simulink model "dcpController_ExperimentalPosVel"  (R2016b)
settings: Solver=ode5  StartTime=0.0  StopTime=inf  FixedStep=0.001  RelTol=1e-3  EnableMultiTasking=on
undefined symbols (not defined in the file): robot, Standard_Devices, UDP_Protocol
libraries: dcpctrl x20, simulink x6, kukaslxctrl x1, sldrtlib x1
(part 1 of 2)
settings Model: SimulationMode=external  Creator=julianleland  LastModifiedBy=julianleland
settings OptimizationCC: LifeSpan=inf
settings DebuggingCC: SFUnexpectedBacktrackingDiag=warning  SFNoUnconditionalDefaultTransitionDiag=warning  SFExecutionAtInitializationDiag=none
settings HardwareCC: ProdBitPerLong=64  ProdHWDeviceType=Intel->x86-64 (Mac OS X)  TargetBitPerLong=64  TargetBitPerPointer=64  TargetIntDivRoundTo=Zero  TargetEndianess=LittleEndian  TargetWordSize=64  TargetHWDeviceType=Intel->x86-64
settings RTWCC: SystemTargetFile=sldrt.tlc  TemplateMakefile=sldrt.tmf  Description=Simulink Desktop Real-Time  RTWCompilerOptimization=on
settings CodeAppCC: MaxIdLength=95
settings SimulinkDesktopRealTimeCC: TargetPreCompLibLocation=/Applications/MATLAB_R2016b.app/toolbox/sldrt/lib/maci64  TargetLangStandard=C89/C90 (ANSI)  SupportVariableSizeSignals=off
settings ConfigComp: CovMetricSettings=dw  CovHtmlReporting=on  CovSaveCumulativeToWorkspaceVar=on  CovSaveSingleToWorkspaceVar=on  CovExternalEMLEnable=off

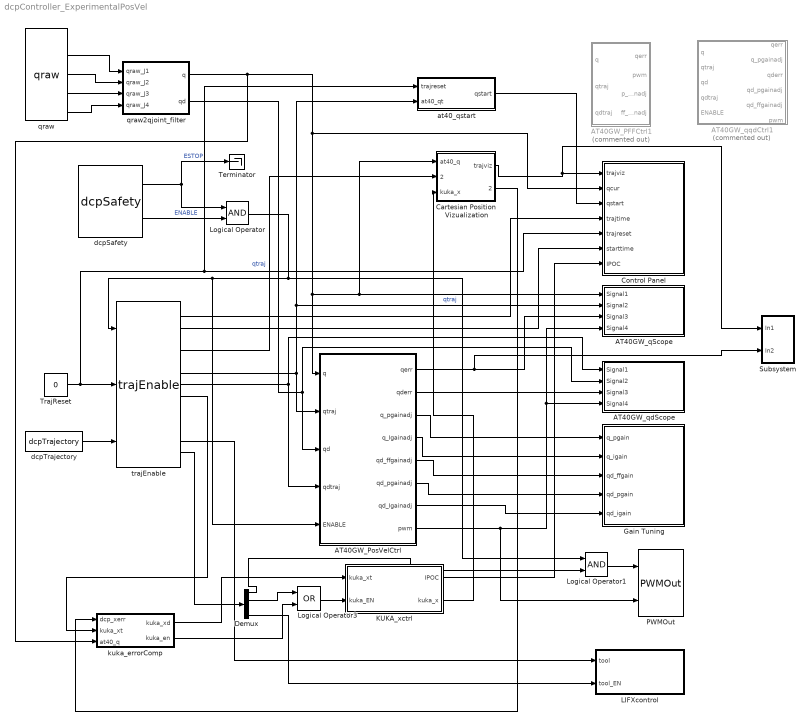
== system dcpController_ExperimentalPosVel ==
  AT40GW_PFFCtrl1 : Subsystem  Commented=on
  AT40GW_PosVelCtrl : Subsystem
  AT40GW_qScope : Subsystem  AncestorBlock=dcpctrl/AT40GW_qScope
  AT40GW_qdScope : Subsystem  AncestorBlock=dcpctrl/AT40GW_qScope
  AT40GW_qqdCtrl1 : Subsystem  Commented=on
  Cartesian Position Vizualization : Subsystem
  Control Panel : Subsystem
  Demux : Demux
  Gain Tuning : Subsystem
  KUKA_xctrl : Subsystem
  LIFXcontrol : Subsystem
  Logical Operator : Logic  AllPortsSameDT=off  OutDataTypeStr=boolean
  Logical Operator1 : Logic  AllPortsSameDT=off  OutDataTypeStr=boolean
  Logical Operator3 : Logic  Operator=OR  AllPortsSameDT=off  OutDataTypeStr=boolean
  PWMOut : dcpctrl/PWMOut
  Subsystem : Subsystem
  Terminator : Terminator
  TrajReset : Constant  Value=0
  at40_qstart : Subsystem
  dcpSafety : dcpctrl/dcpSafety
  dcpTrajectory : dcpctrl/dcpTrajectory
  kuka_errorComp : Subsystem
  qraw : dcpctrl/qraw
  qraw2qjoint_filter : Subsystem
  trajEnable : dcpctrl/trajEnable
      link override "Stoppable Time/Trajectory Time ": Gain=0
  wires:
  trajEnable/6 -> AT40GW_PosVelCtrl/2(qtraj), at40_qstart/2(at40_qt), AT40GW_qScope/2(Signal2)  "qtraj"
  dcpSafety/1 -> Logical Operator/1, Terminator/1  "ESTOP"
  dcpSafety/2 -> Logical Operator/2  "ENABLE"
  TrajReset/1 -> at40_qstart/1(trajreset), Control Panel/5(trajreset), trajEnable/2
  trajEnable/1 -> Control Panel/4(trajtime)
  qraw2qjoint_filter/1(q) -> kuka_errorComp/3(at40_q), AT40GW_PosVelCtrl/1(q), Cartesian Position Vizualization/1(at40_q), AT40GW_qScope/1(Signal1), Control Panel/2(qcur)
  trajEnable/12 -> LIFXcontrol/1(tool)
  dcpTrajectory/1 -> trajEnable/3
  trajEnable/2 -> Control Panel/6(starttime)
  qraw/2 -> qraw2qjoint_filter/1(qraw_J1)
  qraw/3 -> qraw2qjoint_filter/2(qraw_J2)
  qraw/4 -> qraw2qjoint_filter/3(qraw_J3)
  qraw/5 -> qraw2qjoint_filter/4(qraw_J4)
  Cartesian Position Vizualization/1(trajviz) -> Subsystem/1(In1), Control Panel/1(trajviz)
  KUKA_xctrl/1(IPOC) -> Control Panel/7(IPOC)
  trajEnable/8 -> kuka_errorComp/2("kuka_xt ")
  trajEnable/13 -> Demux/1
  Demux/4 -> LIFXcontrol/2(tool_EN)
  Logical Operator1/1 -> PWMOut/1
  Demux/1 -> Logical Operator1/2
  KUKA_xctrl/2(kuka_x) -> Cartesian Position Vizualization/3(kuka_x)
  trajEnable/4 -> Cartesian Position Vizualization/2(dcp_xdes)  "qtraj"
  qraw2qjoint_filter/2(qd) -> AT40GW_PosVelCtrl/3(qd), AT40GW_qdScope/2(Signal2)
  Logical Operator/1 -> Logical Operator1/1, AT40GW_PosVelCtrl/5(ENABLE), trajEnable/1
  AT40GW_PosVelCtrl/2(qderr) -> AT40GW_qdScope/3(Signal3)
  AT40GW_PosVelCtrl/8(pwm) -> AT40GW_qdScope/4(Signal4), AT40GW_qScope/4(Signal4), PWMOut/2
  trajEnable/7 -> AT40GW_qdScope/1(Signal1), AT40GW_PosVelCtrl/4(qdtraj)
  AT40GW_PosVelCtrl/1(qerr) -> Subsystem/2(In2), AT40GW_qScope/3(Signal3)
  AT40GW_PosVelCtrl/3(q_pgainadj) -> Gain Tuning/1(q_pgain)
  AT40GW_PosVelCtrl/5(qd_ffgainadj) -> Gain Tuning/3(qd_ffgain)
  AT40GW_PosVelCtrl/6(qd_pgainadj) -> Gain Tuning/4(qd_pgain)
  AT40GW_PosVelCtrl/4(q_Igainadj) -> Gain Tuning/2(q_igain)
  AT40GW_PosVelCtrl/7(qd_Igainadj) -> Gain Tuning/5(qd_igain)
  kuka_errorComp/1(kuka_xd) -> KUKA_xctrl/1("kuka_xt   ")
  Cartesian Position Vizualization/2(dcp_xerr) -> kuka_errorComp/1(dcp_xerr)
  Logical Operator3/1 -> KUKA_xctrl/2(kuka_EN)
  Demux/2 -> Logical Operator3/1
  kuka_errorComp/2(kuka_en) -> Logical Operator3/2
  at40_qstart/1(qstart) -> Control Panel/3(qstart)

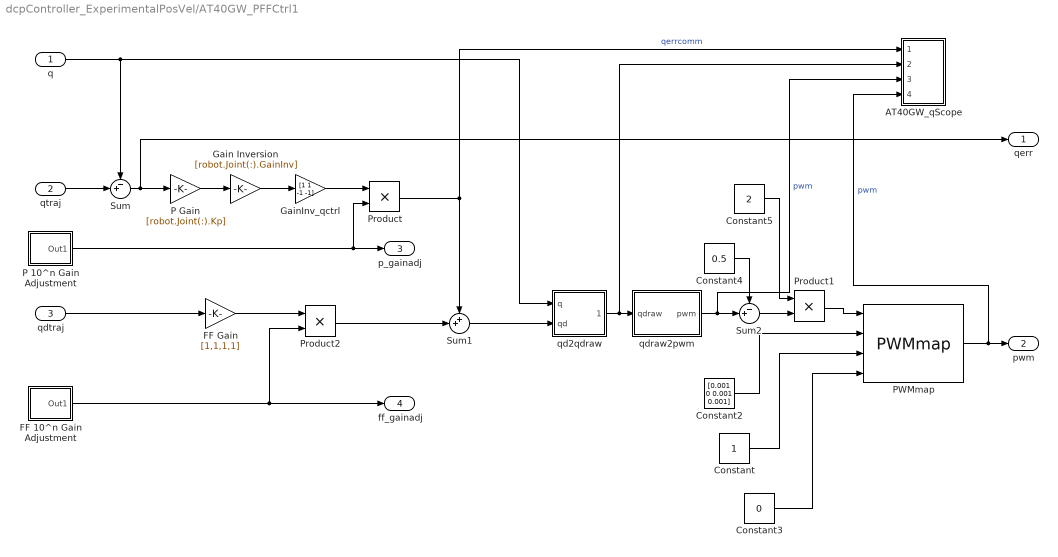
== system dcpController_ExperimentalPosVel/AT40GW_PFFCtrl1 ==
  q : Inport
  qtraj : Inport  Port=2
  qdtraj : Inport  Port=3
  AT40GW_qScope : Subsystem
  Constant : Constant
  Constant2 : Constant  Value=[0.001 0 0.001 0.001]
  Constant3 : Constant  Value=0
  Constant4 : Constant  Value=0.5
  Constant5 : Constant  Value=2
  FF 10^n Gain Adjustment : Subsystem
  FF Gain : Gain  Gain=[1,1,1,1]
  Gain Inversion : Gain  Gain=[robot.Joint(:).GainInv]
  GainInv_qctrl : Gain  Gain=[1 1 -1 -1]
  P 10^n Gain Adjustment : Subsystem
  P Gain : Gain  Gain=[robot.Joint(:).Kp]
  PWMmap : dcpctrl/PWMmap
  Product : Product
  Product1 : Product
  Product2 : Product
  Sum : Sum  Inputs=-+|
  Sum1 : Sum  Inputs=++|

********************

From the line containing "KUKA_xctrl/1(IPOC) -> Control Panel/7(IPOC)" down to the line containing "-> Subsystem/2(In2), AT40GW_qScope/3(Signal3)" in the material above, reproduce every line exactly, including the two end lines.

→ **OUTPUT BELOW**:
  KUKA_xctrl/1(IPOC) -> Control Panel/7(IPOC)
  trajEnable/8 -> kuka_errorComp/2("kuka_xt ")
  trajEnable/13 -> Demux/1
  Demux/4 -> LIFXcontrol/2(tool_EN)
  Logical Operator1/1 -> PWMOut/1
  Demux/1 -> Logical Operator1/2
  KUKA_xctrl/2(kuka_x) -> Cartesian Position Vizualization/3(kuka_x)
  trajEnable/4 -> Cartesian Position Vizualization/2(dcp_xdes)  "qtraj"
  qraw2qjoint_filter/2(qd) -> AT40GW_PosVelCtrl/3(qd), AT40GW_qdScope/2(Signal2)
  Logical Operator/1 -> Logical Operator1/1, AT40GW_PosVelCtrl/5(ENABLE), trajEnable/1
  AT40GW_PosVelCtrl/2(qderr) -> AT40GW_qdScope/3(Signal3)
  AT40GW_PosVelCtrl/8(pwm) -> AT40GW_qdScope/4(Signal4), AT40GW_qScope/4(Signal4), PWMOut/2
  trajEnable/7 -> AT40GW_qdScope/1(Signal1), AT40GW_PosVelCtrl/4(qdtraj)
  AT40GW_PosVelCtrl/1(qerr) -> Subsystem/2(In2), AT40GW_qScope/3(Signal3)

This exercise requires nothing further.